# Welcher Chipsatz ist der Richtige?



## Doomstriker (21. April 2006)

Hallo,

ich hab mir vor ca. 2 Jahren ein neues Mainboard von ASRock gekauft (K7S8X R 3.0). Es hat den Chipsatz 746FX von SIS. Aufgrund dessen, das mein Rechner bei manchen Spielen wie z.B. Juiced ständig abstürtzt, habe ich mir schon überlegt, das es eventuell an meiner Grafikkarte oder dem Treiber liegt. Damals habe ich die Version 81.89 benutzt. Meine Grafikkarte is ne Albatron FX 5700 256 MB. Jetzt benutze ich die Version 71.89. Juiced stürtzt aber immer noch ab....Far Cry, welches wesentlich aufwendigere Grafiken hat jedoch nicht. Dann dachte ich, das es an der Temperatur der CPU bzw. der Festplatte liegen könnte. Meine CPU wird beim Spielen so ca. 50°C heiß (AMD Athlon XP 2000+). Meine Festplatte ist immer so 20° - 42°C warm. Wisst ihr vielleicht wie ich das Problem wegbekommen kann?

Thx schonmal

Doomstriker


----------



## chmee (22. April 2006)

Jedem Rechner sein Problem !

Will sagen, das Problem wird so nicht erklärbar sein. Dein CPU ist unter Voll-Last
bei 50°, das finde ich in Ordnung. Die Temperatur der Festplatte ist mit 42° schon
recht warm, aber das verkürzt "nur" die Lebensdauer, erklärt aber nicht die Abstürze.

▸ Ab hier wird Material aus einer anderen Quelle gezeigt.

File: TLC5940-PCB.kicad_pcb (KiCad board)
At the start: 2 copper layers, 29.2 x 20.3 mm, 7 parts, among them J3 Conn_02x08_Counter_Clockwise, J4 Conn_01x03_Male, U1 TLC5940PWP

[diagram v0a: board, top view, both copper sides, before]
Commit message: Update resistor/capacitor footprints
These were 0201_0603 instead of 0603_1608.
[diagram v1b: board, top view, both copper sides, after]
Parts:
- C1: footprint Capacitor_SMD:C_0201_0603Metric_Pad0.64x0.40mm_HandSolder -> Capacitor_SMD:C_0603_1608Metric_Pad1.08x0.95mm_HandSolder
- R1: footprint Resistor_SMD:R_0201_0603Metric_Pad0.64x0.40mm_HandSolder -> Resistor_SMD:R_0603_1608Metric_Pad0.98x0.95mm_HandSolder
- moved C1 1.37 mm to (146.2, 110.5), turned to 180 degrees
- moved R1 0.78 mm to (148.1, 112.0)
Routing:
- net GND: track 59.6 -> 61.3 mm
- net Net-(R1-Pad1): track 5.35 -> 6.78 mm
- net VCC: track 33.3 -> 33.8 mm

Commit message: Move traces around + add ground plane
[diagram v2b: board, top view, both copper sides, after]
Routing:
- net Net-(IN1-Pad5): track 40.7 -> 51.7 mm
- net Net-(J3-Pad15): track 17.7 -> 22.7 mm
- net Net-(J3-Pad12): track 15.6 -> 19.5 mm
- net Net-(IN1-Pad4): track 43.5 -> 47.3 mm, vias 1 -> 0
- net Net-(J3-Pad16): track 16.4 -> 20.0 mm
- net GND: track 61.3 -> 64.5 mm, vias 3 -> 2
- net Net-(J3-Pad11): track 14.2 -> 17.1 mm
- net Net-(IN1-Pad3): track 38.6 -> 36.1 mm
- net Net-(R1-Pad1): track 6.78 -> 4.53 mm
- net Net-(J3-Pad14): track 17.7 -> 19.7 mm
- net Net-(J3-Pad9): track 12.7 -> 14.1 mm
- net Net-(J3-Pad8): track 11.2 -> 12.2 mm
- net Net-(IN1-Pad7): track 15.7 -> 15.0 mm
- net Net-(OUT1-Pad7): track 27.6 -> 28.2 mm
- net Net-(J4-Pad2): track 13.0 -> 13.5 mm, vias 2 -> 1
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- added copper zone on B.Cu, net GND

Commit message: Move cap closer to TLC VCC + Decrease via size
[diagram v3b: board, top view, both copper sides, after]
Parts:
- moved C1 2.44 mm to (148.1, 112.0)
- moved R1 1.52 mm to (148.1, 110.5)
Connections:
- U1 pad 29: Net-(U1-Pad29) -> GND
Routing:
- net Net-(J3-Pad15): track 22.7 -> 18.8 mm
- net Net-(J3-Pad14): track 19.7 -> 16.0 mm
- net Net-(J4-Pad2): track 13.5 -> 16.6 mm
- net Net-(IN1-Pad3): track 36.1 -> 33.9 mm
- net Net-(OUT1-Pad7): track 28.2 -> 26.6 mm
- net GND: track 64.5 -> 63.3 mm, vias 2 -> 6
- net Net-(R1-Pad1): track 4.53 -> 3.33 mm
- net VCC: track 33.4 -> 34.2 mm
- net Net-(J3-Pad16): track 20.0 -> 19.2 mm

Ist die GraKa ausreichend gekühlt ? Bekommt sie genug Strom ?

Hast Du Juiced schon gepatch'ed ? Benutze doch mal irgendwelche Benchmarks.
zB Prime95, oder 3D-Mark01 oder 03, oder  laß mal n AnalyseTool rüberlaufen,
wie zB Sisoft-Sandra. 

Ein Programm wie Juiced ist zu komplex, um das eigentliche Problem zu erkennen.
Vielleicht findest mit anderen simpleren Programmen des Pudels Kern.

http://www.heise.de/software/default.shtml?s=se&kat=232&l_sw=1&l_aw=1&l_fw=1

Viel Erfolg und mfg chmee


----------